ABOUT THIS TASK.
Lines outside the range are not wanted. Give again exactly the lines between the line holding "Line((5, 37), (5, 35))" and the line holding "Line((-5, 35), (-5, 37))", inclusive, from the listing below.

DATA.

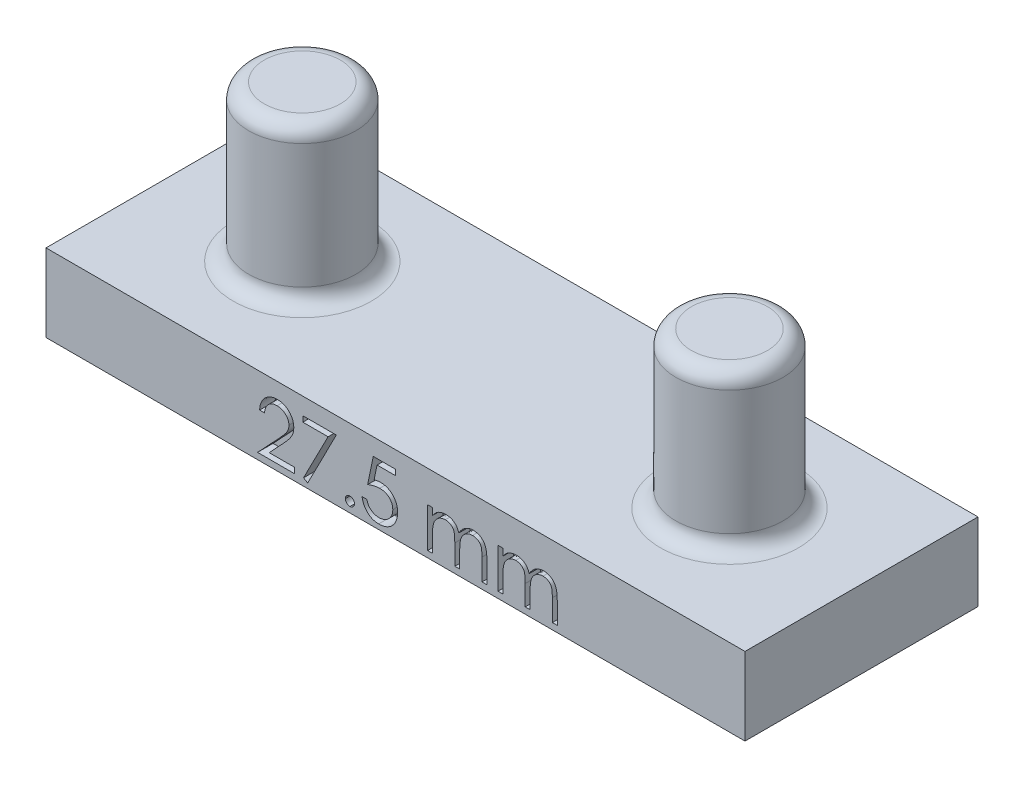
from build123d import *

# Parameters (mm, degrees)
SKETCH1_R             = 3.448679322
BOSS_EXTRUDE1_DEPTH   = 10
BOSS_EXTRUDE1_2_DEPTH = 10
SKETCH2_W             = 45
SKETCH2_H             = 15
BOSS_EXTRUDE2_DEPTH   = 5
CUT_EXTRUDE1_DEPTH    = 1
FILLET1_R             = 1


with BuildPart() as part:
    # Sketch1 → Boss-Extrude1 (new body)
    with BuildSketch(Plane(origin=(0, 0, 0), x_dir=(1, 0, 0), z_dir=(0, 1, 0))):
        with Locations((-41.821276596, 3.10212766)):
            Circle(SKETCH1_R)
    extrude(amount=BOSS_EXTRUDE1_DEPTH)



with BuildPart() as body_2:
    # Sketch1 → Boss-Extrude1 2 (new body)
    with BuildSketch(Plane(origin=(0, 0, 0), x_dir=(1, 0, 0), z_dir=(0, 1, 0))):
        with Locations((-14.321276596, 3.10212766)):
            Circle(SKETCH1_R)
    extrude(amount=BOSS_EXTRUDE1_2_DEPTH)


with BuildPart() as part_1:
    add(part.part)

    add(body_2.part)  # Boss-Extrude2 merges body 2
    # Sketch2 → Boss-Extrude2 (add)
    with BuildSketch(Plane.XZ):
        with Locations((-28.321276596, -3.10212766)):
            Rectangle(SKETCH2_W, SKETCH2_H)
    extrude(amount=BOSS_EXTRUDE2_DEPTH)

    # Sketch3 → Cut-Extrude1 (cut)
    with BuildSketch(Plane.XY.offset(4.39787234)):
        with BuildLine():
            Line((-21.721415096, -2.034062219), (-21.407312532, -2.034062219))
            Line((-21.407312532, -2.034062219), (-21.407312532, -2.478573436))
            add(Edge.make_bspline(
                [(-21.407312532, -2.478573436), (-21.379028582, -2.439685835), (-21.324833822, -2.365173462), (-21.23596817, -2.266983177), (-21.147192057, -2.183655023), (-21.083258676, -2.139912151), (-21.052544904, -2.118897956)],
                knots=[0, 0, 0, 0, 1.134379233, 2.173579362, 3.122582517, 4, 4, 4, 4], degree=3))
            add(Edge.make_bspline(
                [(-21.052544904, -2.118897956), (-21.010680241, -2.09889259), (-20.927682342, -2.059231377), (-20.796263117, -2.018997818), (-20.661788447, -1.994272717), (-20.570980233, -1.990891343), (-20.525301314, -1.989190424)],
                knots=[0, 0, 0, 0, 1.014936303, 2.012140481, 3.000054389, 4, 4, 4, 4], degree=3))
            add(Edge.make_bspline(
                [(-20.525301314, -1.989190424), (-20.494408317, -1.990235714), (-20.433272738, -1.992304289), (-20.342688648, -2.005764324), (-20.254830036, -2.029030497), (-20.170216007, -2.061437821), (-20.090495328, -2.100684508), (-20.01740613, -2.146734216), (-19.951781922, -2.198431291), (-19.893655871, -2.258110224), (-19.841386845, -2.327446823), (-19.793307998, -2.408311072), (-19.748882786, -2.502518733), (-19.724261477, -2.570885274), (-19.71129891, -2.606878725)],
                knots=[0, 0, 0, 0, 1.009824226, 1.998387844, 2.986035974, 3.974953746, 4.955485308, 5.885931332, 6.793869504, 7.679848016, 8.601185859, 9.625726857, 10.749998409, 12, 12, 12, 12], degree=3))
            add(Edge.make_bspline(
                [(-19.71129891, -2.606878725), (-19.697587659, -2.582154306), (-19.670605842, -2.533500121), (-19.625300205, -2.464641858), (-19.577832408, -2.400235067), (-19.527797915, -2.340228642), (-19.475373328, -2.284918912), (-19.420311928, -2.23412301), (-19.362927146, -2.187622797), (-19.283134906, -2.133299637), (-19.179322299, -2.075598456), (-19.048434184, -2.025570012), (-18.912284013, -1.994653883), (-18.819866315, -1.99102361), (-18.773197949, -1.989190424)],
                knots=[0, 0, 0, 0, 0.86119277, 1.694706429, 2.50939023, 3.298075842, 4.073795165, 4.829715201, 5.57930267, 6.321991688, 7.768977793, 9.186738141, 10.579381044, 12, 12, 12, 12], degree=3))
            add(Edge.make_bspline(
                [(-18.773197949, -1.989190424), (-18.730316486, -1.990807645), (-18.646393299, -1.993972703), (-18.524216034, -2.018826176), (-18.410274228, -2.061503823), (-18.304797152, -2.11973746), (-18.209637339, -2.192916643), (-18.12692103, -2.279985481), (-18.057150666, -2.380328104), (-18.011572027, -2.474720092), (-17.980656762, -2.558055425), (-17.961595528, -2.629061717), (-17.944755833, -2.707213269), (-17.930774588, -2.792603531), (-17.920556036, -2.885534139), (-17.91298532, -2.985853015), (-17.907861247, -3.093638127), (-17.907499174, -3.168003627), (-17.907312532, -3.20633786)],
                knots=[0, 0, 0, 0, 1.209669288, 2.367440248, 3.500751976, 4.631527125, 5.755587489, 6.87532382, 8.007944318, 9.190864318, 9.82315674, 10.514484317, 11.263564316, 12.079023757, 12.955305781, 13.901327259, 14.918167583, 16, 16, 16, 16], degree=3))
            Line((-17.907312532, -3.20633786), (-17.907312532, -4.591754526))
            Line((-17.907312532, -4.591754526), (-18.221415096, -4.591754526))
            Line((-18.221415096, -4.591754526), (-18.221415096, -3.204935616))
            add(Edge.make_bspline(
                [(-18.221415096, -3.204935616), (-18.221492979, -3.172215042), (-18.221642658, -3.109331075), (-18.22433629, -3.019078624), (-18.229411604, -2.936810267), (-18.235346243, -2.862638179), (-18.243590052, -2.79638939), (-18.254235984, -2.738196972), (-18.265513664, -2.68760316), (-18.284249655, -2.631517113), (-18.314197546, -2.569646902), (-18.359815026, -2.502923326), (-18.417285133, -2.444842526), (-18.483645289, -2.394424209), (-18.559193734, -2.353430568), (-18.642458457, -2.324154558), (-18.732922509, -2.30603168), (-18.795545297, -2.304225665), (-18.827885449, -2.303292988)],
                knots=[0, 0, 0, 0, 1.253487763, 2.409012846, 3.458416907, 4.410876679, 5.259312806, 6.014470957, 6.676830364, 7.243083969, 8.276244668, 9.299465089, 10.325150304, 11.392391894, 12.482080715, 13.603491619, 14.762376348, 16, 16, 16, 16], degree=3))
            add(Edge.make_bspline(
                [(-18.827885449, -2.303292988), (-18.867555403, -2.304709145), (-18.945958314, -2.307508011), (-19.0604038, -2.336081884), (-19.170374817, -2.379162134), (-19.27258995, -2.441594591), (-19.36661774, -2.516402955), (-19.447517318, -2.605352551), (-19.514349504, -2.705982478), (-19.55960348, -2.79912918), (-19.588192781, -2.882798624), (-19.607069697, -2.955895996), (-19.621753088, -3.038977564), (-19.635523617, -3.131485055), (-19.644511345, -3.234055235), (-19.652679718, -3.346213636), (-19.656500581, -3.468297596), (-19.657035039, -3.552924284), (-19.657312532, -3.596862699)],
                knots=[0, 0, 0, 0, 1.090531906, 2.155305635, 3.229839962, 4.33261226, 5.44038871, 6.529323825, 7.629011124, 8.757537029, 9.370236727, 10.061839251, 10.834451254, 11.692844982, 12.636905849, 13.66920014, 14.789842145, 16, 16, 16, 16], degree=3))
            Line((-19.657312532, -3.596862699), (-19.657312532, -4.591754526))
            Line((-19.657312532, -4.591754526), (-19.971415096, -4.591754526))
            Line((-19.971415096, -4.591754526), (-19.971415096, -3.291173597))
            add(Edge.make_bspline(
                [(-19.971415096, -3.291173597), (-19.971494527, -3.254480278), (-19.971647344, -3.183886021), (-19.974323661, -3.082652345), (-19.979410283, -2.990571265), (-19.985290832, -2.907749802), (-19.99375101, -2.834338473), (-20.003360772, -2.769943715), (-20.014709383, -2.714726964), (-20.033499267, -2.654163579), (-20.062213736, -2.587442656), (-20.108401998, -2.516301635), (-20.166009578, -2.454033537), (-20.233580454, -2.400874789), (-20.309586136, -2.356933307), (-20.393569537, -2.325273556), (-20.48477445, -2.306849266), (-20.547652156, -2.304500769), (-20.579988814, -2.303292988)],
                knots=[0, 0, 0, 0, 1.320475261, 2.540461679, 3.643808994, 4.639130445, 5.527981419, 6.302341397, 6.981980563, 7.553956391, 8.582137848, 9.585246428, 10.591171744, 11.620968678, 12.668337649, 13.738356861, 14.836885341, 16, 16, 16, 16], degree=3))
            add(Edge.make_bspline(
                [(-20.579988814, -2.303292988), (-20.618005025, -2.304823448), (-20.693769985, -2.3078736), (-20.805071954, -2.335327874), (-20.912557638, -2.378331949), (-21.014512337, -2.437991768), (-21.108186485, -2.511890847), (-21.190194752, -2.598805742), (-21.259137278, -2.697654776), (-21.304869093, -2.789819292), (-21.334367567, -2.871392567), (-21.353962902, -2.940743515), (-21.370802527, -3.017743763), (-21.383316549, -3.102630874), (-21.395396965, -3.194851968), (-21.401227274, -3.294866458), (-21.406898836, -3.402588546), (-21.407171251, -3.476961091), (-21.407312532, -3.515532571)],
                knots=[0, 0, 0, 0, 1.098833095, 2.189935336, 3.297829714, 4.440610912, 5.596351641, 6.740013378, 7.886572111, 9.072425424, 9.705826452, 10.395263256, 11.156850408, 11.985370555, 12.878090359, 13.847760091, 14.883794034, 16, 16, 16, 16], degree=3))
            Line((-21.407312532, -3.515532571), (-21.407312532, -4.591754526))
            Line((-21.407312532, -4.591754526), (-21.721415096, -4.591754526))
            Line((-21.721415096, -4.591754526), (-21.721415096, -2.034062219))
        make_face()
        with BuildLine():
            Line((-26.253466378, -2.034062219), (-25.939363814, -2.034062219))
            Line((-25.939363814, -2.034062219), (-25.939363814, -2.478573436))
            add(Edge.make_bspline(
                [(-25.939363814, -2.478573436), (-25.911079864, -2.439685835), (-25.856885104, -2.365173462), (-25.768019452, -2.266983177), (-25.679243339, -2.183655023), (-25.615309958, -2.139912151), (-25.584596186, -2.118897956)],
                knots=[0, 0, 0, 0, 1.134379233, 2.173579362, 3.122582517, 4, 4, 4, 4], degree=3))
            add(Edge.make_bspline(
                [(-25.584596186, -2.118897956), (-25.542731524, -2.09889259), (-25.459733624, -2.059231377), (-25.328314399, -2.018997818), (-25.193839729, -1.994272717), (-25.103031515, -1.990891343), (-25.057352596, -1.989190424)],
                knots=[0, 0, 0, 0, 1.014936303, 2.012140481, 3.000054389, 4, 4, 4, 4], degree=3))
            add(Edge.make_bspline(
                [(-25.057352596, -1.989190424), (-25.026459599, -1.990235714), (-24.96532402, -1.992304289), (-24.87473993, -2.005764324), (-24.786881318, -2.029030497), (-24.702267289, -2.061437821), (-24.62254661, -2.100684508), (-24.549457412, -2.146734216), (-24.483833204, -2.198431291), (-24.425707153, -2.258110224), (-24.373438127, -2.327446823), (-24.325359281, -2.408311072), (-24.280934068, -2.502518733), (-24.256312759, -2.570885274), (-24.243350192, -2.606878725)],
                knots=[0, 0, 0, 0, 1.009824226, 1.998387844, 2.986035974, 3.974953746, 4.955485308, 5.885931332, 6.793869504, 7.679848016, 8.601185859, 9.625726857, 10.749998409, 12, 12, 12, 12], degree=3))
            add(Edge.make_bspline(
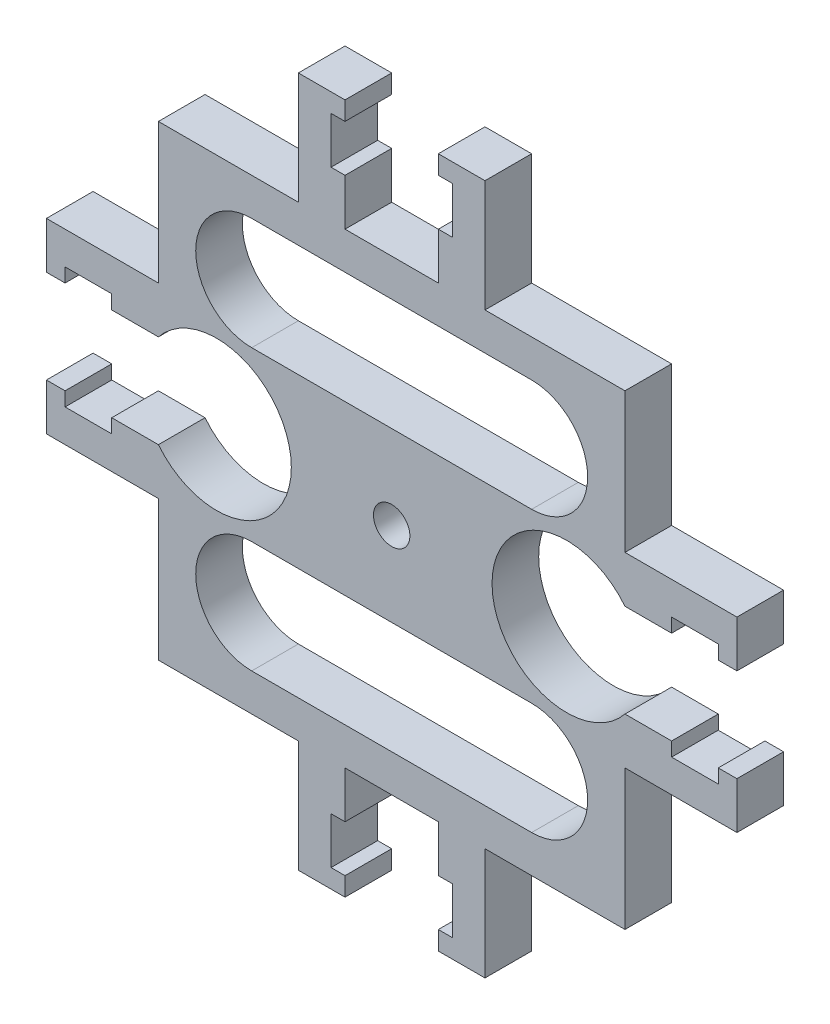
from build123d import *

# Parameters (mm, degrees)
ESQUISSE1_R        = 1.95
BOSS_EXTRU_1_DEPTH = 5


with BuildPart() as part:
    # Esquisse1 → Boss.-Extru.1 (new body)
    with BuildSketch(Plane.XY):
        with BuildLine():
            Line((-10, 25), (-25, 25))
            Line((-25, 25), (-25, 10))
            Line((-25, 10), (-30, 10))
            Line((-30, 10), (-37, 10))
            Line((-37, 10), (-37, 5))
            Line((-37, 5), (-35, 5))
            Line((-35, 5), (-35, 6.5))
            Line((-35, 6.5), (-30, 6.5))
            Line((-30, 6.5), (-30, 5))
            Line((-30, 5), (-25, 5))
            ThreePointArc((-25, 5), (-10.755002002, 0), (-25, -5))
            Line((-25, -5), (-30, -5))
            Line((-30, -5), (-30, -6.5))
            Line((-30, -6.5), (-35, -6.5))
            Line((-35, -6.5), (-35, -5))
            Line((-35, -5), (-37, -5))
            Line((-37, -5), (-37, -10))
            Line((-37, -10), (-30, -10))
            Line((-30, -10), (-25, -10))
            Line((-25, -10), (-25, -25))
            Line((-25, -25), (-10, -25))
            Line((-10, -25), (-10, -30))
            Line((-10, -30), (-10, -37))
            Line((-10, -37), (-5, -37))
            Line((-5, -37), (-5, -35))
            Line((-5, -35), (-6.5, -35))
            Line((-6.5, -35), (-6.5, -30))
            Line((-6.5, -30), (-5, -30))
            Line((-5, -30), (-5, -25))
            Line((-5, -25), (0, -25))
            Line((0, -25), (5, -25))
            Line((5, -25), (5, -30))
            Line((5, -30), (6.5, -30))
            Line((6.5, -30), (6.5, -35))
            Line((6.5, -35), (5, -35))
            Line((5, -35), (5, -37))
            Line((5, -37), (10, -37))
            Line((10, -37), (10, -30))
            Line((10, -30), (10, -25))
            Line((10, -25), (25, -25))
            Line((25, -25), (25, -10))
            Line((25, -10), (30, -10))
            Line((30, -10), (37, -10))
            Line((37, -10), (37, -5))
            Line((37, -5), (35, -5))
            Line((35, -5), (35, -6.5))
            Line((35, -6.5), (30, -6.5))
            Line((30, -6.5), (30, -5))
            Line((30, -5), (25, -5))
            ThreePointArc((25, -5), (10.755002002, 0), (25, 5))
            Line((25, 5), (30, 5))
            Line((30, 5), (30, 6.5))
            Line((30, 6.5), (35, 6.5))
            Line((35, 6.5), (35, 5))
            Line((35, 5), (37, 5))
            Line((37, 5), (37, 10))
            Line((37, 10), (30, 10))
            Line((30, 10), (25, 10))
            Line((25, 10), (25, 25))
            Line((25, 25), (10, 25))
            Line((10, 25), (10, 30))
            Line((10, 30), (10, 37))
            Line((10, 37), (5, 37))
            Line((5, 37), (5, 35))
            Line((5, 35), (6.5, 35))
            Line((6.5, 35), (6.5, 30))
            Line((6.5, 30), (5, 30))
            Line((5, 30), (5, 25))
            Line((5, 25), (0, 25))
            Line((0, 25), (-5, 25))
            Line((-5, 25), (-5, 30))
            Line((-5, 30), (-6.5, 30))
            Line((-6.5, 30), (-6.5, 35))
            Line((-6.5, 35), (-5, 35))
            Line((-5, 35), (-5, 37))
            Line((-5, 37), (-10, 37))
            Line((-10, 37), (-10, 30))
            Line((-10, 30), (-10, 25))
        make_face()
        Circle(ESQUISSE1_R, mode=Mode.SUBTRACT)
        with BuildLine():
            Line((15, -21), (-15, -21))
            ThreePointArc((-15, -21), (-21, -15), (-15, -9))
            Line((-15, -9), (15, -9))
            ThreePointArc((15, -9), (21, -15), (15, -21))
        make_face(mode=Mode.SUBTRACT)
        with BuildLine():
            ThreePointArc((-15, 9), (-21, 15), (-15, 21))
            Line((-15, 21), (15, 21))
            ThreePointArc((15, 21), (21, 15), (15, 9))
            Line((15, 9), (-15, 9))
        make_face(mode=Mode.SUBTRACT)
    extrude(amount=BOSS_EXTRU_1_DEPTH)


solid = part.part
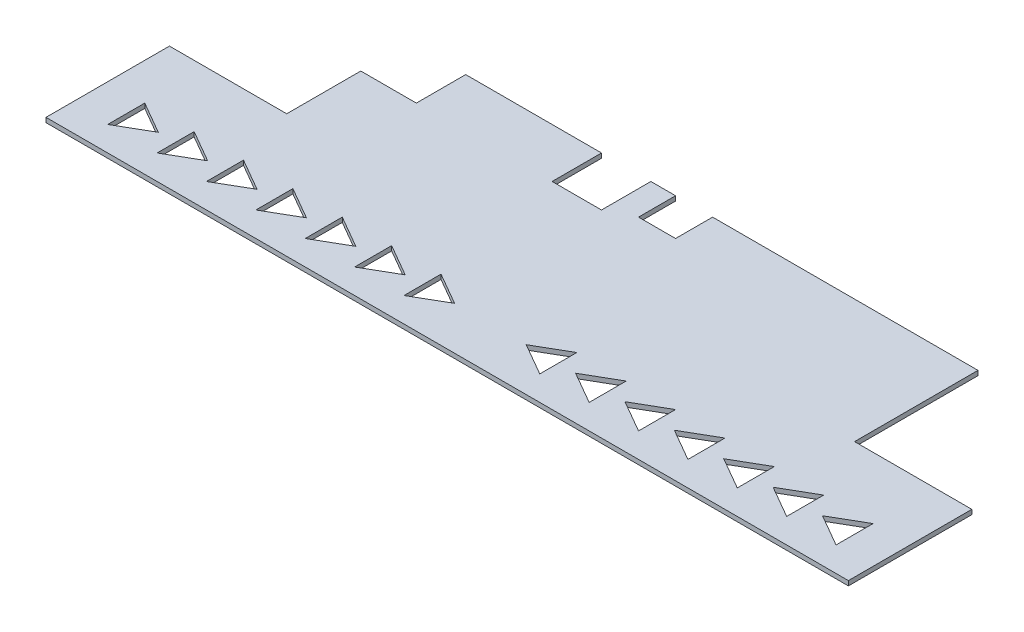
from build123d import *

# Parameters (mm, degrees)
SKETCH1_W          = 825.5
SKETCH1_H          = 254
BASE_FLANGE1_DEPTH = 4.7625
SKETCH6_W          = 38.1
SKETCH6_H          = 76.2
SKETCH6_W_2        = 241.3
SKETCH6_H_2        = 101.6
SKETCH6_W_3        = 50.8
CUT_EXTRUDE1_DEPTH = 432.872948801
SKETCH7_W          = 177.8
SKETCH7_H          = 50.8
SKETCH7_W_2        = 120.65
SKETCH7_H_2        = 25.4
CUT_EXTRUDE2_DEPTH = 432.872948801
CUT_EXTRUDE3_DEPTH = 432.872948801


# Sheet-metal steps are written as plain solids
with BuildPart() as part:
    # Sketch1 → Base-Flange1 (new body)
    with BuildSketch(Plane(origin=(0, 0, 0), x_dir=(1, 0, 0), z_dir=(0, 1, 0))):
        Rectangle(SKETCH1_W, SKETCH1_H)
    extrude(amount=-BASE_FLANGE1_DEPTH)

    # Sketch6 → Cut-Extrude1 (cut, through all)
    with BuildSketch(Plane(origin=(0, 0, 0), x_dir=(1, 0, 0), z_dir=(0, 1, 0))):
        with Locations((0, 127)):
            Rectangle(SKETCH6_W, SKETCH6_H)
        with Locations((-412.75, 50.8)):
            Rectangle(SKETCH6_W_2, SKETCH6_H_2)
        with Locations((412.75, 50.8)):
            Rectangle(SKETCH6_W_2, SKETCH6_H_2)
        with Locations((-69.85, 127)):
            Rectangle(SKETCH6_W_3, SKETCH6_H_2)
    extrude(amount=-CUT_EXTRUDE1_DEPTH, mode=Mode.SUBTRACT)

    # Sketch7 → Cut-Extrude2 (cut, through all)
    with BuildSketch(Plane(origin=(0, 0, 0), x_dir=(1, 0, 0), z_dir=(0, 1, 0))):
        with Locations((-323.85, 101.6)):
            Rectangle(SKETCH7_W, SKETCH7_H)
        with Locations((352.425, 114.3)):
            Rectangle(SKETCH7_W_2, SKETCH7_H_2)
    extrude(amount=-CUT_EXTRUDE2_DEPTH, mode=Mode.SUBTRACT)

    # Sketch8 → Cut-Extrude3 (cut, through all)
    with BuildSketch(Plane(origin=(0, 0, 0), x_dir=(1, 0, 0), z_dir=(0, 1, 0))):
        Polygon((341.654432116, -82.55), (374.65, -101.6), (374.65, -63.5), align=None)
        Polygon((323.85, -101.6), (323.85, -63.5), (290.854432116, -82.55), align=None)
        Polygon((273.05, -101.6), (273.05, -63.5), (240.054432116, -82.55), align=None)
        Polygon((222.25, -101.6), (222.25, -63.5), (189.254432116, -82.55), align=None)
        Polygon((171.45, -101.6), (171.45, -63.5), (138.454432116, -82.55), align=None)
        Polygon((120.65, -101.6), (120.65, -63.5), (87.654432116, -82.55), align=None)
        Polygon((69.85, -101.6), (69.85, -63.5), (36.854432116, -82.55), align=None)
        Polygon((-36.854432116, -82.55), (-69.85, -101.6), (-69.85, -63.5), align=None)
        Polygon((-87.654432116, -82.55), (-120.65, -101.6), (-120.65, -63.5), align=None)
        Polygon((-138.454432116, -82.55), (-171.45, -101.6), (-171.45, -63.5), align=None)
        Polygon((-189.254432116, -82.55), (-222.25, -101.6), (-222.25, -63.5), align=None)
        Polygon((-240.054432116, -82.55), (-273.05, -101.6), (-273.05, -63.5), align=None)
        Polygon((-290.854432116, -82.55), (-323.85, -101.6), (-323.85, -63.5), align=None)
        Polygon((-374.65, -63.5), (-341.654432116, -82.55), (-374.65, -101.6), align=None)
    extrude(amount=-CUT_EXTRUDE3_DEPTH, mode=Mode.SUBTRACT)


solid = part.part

RESULT OF THIS TASK.
            Line((5, 37), (5, 35))
            Line((5, 35), (6.5, 35))
            Line((6.5, 35), (6.5, 30))
            Line((6.5, 30), (5, 30))
            Line((5, 30), (5, 25))
            Line((5, 25), (0, 25))
            Line((0, 25), (-5, 25))
            Line((-5, 25), (-5, 30))
            Line((-5, 30), (-6.5, 30))
            Line((-6.5, 30), (-6.5, 35))
            Line((-6.5, 35), (-5, 35))
            Line((-5, 35), (-5, 37))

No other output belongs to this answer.